Genes encoding biotin carboxylase subunit of acetyl-CoA carboxylase from Brassica napus and parental species: cloning, expression patterns, and evolution

Authors: LI, ZHI - Chinese Academy Of Sciences; YIN, WEI - Chinese Academy Of Sciences; SONG, LI - Chinese Academy Of Sciences; CHEN, YU - Chinese Academy Of Sciences; GUAN, RONG - Chinese Academy Of Sciences; WANG, JING - Chinese Academy Of Sciences; Wang, Richard; HU, ZAN - Chinese Academy Of Sciences

Submitted to: Genome
Publication Type: Peer Reviewed Journal
Publication Acceptance Date: 10/20/2010
Publication Date: 2/25/2011
Citation: Li, Z.G., Yin, W.B., Song, L.Y., Chen, Y.H., Guan, R.Z., Wang, J.Q., Wang, R., Hu, Z.M. 2011. Genes encoding biotin carboxylase subunit of acetyl-CoA carboxylase from Brassica napus and parental species: cloning, expression patterns, and evolution. Genome. 54:202-211.

Interpretive Summary: Changes in DNA sequences of functional genes, intergenic spacers, and repetitive sequences of living organisms are causing genome evolution that leads to speciation and biodiversity. We analyzed DNA sequences of cloned biotin carboxylase genes from oilseed rape (Brassica napus, a Eurasian plant cultivated for its seed and as a forage crop) and its parental species, B. rapa (common turnip) and B. oleracea (common cabbage). Results from these analyses confirmed the time and lineage of evolutionary history for oilseed rape. This study also contributes to our understanding of the regulation of fatty acid biosynthesis in plants.

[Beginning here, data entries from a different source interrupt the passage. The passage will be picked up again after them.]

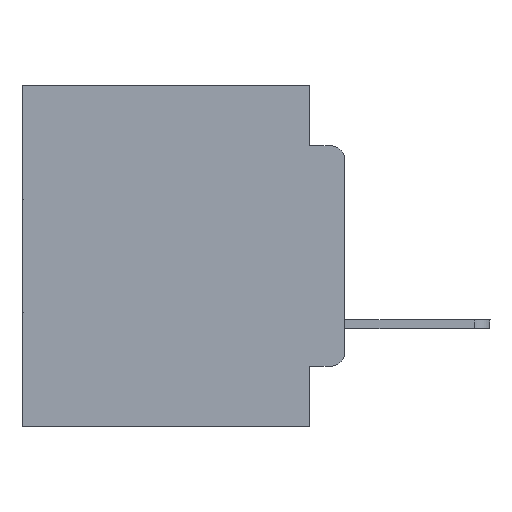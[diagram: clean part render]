
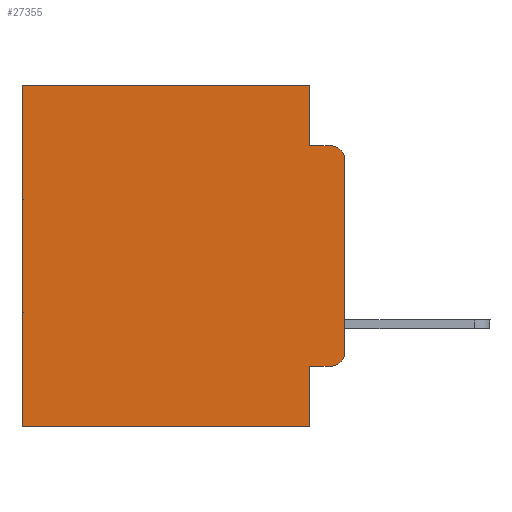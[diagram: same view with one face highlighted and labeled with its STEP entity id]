
A CAD part, left-side view. The second image highlights one B-rep face of the part: STEP entity #27355.
In plain terms, the highlighted planar face has unit normal (-1, 0, 0).
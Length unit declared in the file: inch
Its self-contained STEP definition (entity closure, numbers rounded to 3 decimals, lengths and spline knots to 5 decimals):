
#80 = EDGE_CURVE ( 'NONE', #15340, #17693, #25481, .T. ) ;
#97 = VERTEX_POINT ( 'NONE', #12733 ) ;
#134 = ORIENTED_EDGE ( 'NONE', *, *, #9068, .F. ) ;
#286 = CARTESIAN_POINT ( 'NONE',  ( 0.298, 0.473, -0.5 ) ) ;
#777 = LINE ( 'NONE', #28249, #18078 ) ;
#1503 = EDGE_CURVE ( 'NONE', #14092, #17113, #8603, .T. ) ;
#1579 = DIRECTION ( 'NONE',  ( 0., 0., -1. ) ) ;
#1931 = CARTESIAN_POINT ( 'NONE',  ( 0.298, 0.051, 0. ) ) ;
#1966 = VECTOR ( 'NONE', #11503, 39.37008 ) ;
#2036 = DIRECTION ( 'NONE',  ( 0., 0., -1. ) ) ;
#2288 = CARTESIAN_POINT ( 'NONE',  ( 0.298, 0.473, 0. ) ) ;
#2623 = EDGE_LOOP ( 'NONE', ( #2882, #3987, #17678, #134, #20877, #6821, #8994, #4577, #27593, #20728 ) ) ;
#2882 = ORIENTED_EDGE ( 'NONE', *, *, #7892, .F. ) ;
#3987 = ORIENTED_EDGE ( 'NONE', *, *, #80, .T. ) ;
#4141 = AXIS2_PLACEMENT_3D ( 'NONE', #28630, #13089, #2036 ) ;
#4261 = LINE ( 'NONE', #28342, #22171 ) ;
#4271 = DIRECTION ( 'NONE',  ( 0., 0., -1. ) ) ;
#4577 = ORIENTED_EDGE ( 'NONE', *, *, #5676, .F. ) ;
#4699 = CARTESIAN_POINT ( 'NONE',  ( 0.298, 0.051, 0. ) ) ;
#4836 = PLANE ( 'NONE',  #14197 ) ;
#5676 = EDGE_CURVE ( 'NONE', #13323, #19168, #7966, .T. ) ;
#6047 = EDGE_CURVE ( 'NONE', #19168, #19653, #27575, .T. ) ;
#6147 = VECTOR ( 'NONE', #14190, 39.37008 ) ;
#6821 = ORIENTED_EDGE ( 'NONE', *, *, #17645, .T. ) ;
#7173 = CARTESIAN_POINT ( 'NONE',  ( 0.298, 0., 0. ) ) ;
#7892 = EDGE_CURVE ( 'NONE', #15340, #97, #777, .T. ) ;
#7966 = LINE ( 'NONE', #4699, #1966 ) ;
#8232 = LINE ( 'NONE', #26911, #17062 ) ;
#8281 = CARTESIAN_POINT ( 'NONE',  ( 0.298, 0.051, -0.4115 ) ) ;
#8469 = CARTESIAN_POINT ( 'NONE',  ( 0.298, 0., -0.1085 ) ) ;
#8603 = LINE ( 'NONE', #7173, #6147 ) ;
#8994 = ORIENTED_EDGE ( 'NONE', *, *, #6047, .F. ) ;
#9068 = EDGE_CURVE ( 'NONE', #14092, #23148, #4261, .T. ) ;
#9386 = FACE_OUTER_BOUND ( 'NONE', #2623, .T. ) ;
#11503 = DIRECTION ( 'NONE',  ( 0., 0., -1. ) ) ;
#11636 = DIRECTION ( 'NONE',  ( 1., 0., 0. ) ) ;
#12655 = VECTOR ( 'NONE', #4271, 39.37008 ) ;
#12733 = CARTESIAN_POINT ( 'NONE',  ( 0.298, 0., -0.3915 ) ) ;
#13089 = DIRECTION ( 'NONE',  ( -1., 0., 0. ) ) ;
#13323 = VERTEX_POINT ( 'NONE', #8281 ) ;
#13720 = CARTESIAN_POINT ( 'NONE',  ( 0.298, 0.051, -0.0885 ) ) ;
#13954 = CARTESIAN_POINT ( 'NONE',  ( 0.298, 0.051, -0.5 ) ) ;
#14080 = EDGE_CURVE ( 'NONE', #21126, #97, #20069, .T. ) ;
#14092 = VERTEX_POINT ( 'NONE', #1931 ) ;
#14190 = DIRECTION ( 'NONE',  ( 0., 1., 0. ) ) ;
#14197 = AXIS2_PLACEMENT_3D ( 'NONE', #25044, #11636, #27290 ) ;
#14770 = CARTESIAN_POINT ( 'NONE',  ( 0.298, 0., -0.5 ) ) ;
#15340 = VERTEX_POINT ( 'NONE', #8469 ) ;
#15502 = LINE ( 'NONE', #2288, #12655 ) ;
#17037 = DIRECTION ( 'NONE',  ( 0., 0., -1. ) ) ;
#17062 = VECTOR ( 'NONE', #22210, 39.37008 ) ;
#17113 = VERTEX_POINT ( 'NONE', #21611 ) ;
#17316 = DIRECTION ( 'NONE',  ( 0., 0., -1. ) ) ;
#17645 = EDGE_CURVE ( 'NONE', #17113, #19653, #15502, .T. ) ;
#17678 = ORIENTED_EDGE ( 'NONE', *, *, #23287, .F. ) ;
#17693 = VERTEX_POINT ( 'NONE', #26722 ) ;
#18078 = VECTOR ( 'NONE', #17037, 39.37008 ) ;
#19168 = VERTEX_POINT ( 'NONE', #13954 ) ;
#19332 = DIRECTION ( 'NONE',  ( 0., 1., 0. ) ) ;
#19540 = VECTOR ( 'NONE', #19332, 39.37008 ) ;
#19653 = VERTEX_POINT ( 'NONE', #286 ) ;
#20069 = CIRCLE ( 'NONE', #4141, 0.02 ) ;
#20245 = AXIS2_PLACEMENT_3D ( 'NONE', #26126, #28471, #1579 ) ;
#20382 = DIRECTION ( 'NONE',  ( 0., -1., 0. ) ) ;
#20728 = ORIENTED_EDGE ( 'NONE', *, *, #14080, .T. ) ;
#20877 = ORIENTED_EDGE ( 'NONE', *, *, #1503, .T. ) ;
#21126 = VERTEX_POINT ( 'NONE', #28054 ) ;
#21225 = LINE ( 'NONE', #13720, #26123 ) ;
#21301 = CARTESIAN_POINT ( 'NONE',  ( 0.298, 0.051, -0.0885 ) ) ;
#21611 = CARTESIAN_POINT ( 'NONE',  ( 0.298, 0.473, 0. ) ) ;
#22171 = VECTOR ( 'NONE', #17316, 39.37008 ) ;
#22210 = DIRECTION ( 'NONE',  ( 0., -1., 0. ) ) ;
#22644 = EDGE_CURVE ( 'NONE', #13323, #21126, #8232, .T. ) ;
#23148 = VERTEX_POINT ( 'NONE', #21301 ) ;
#23287 = EDGE_CURVE ( 'NONE', #23148, #17693, #21225, .T. ) ;
#25044 = CARTESIAN_POINT ( 'NONE',  ( 0.298, 0., 0. ) ) ;
#25481 = CIRCLE ( 'NONE', #20245, 0.02 ) ;
#26123 = VECTOR ( 'NONE', #20382, 39.37008 ) ;
#26126 = CARTESIAN_POINT ( 'NONE',  ( 0.298, 0.02, -0.1085 ) ) ;
#26722 = CARTESIAN_POINT ( 'NONE',  ( 0.298, 0.02, -0.0885 ) ) ;
#26911 = CARTESIAN_POINT ( 'NONE',  ( 0.298, 0.051, -0.4115 ) ) ;
#27290 = DIRECTION ( 'NONE',  ( 0., 0., -1. ) ) ;
#27355 = ADVANCED_FACE ( 'NONE', ( #9386 ), #4836, .F. ) ;
#27575 = LINE ( 'NONE', #14770, #19540 ) ;
#27593 = ORIENTED_EDGE ( 'NONE', *, *, #22644, .T. ) ;
#28054 = CARTESIAN_POINT ( 'NONE',  ( 0.298, 0.02, -0.4115 ) ) ;
#28249 = CARTESIAN_POINT ( 'NONE',  ( 0.298, 0., 0. ) ) ;
#28342 = CARTESIAN_POINT ( 'NONE',  ( 0.298, 0.051, 0. ) ) ;
#28471 = DIRECTION ( 'NONE',  ( -1., 0., 0. ) ) ;
#28630 = CARTESIAN_POINT ( 'NONE',  ( 0.298, 0.02, -0.3915 ) ) ;

Technical Abstract: Comparative genomics is a useful tool to investigate gene and genome evolution. Biotin carboxylase (BC), an important subunit of heteromeric ACCase that is a rate-limiting enzyme in fatty acid biosynthesis in dicots, catalyzes ATP, biotin-carboxyl-carrier protein and CO2 to form carboxybiotin-carboxyl-carrier protein. In this research, we cloned four genes encoding BC from Brassica napus (namely BnaC.BC.a, BnaC.BC.b, BnaA.BC.a and BnA.BC.b), and two from each of the two parental species, B. rapa (BraA.BC.a and BraA.BC.b) and B. oleracea (BolC.BC.a and BolC.BC.b). Sequence analyses revealed that in B. napus the gene BnaC.BC.a and BnaC.BC.b were from the C genome of B. oleracea, whereas BnaA.BC.a and BnaA.BC.b were from the A genome of B. rapa. Comparative and cluster analysis indicated that these genes were divided into two major groups, BnaC.BC.a, BnaA.BC.a, BraA.BC.a and BolC.BC.a in group-1, and BnaC.BC.b, BnaA.BC.b, BraA.BC.b, and BolC.BC.b in group-2. The divergence of group-1 and group-2 genes occurred in their common ancestor 13~17 million years ago (MYA), soon after the divergence of A. thaliana and Brassica (15-20 MYA) and identical to the previously reported triplicated time of paralogous subgenomes of diploid Brassica species and the divergence date of group-1 and group-2 genes of a-CT, another subunit of heteromeric ACCase, in Brassica. RT-PCR revealed that the expression level of group-1 and group-2 genes varied in different organs, and the expression patterns of the two groups of genes were similar in different organs, except in flower. The amino acid sequences of proteins encloded by these genes were highly conserved except the sequence encoding predicted plastid transit peptides. The plastid transit peptides on the BC precursors of Brassica (71-72 amino acid residues) were predicted based on AtBC protein, compared and confirmed by fusion with GFP. Our results will be helpful in elucidating the evolution and the regulation of ACCase in oilseed rape.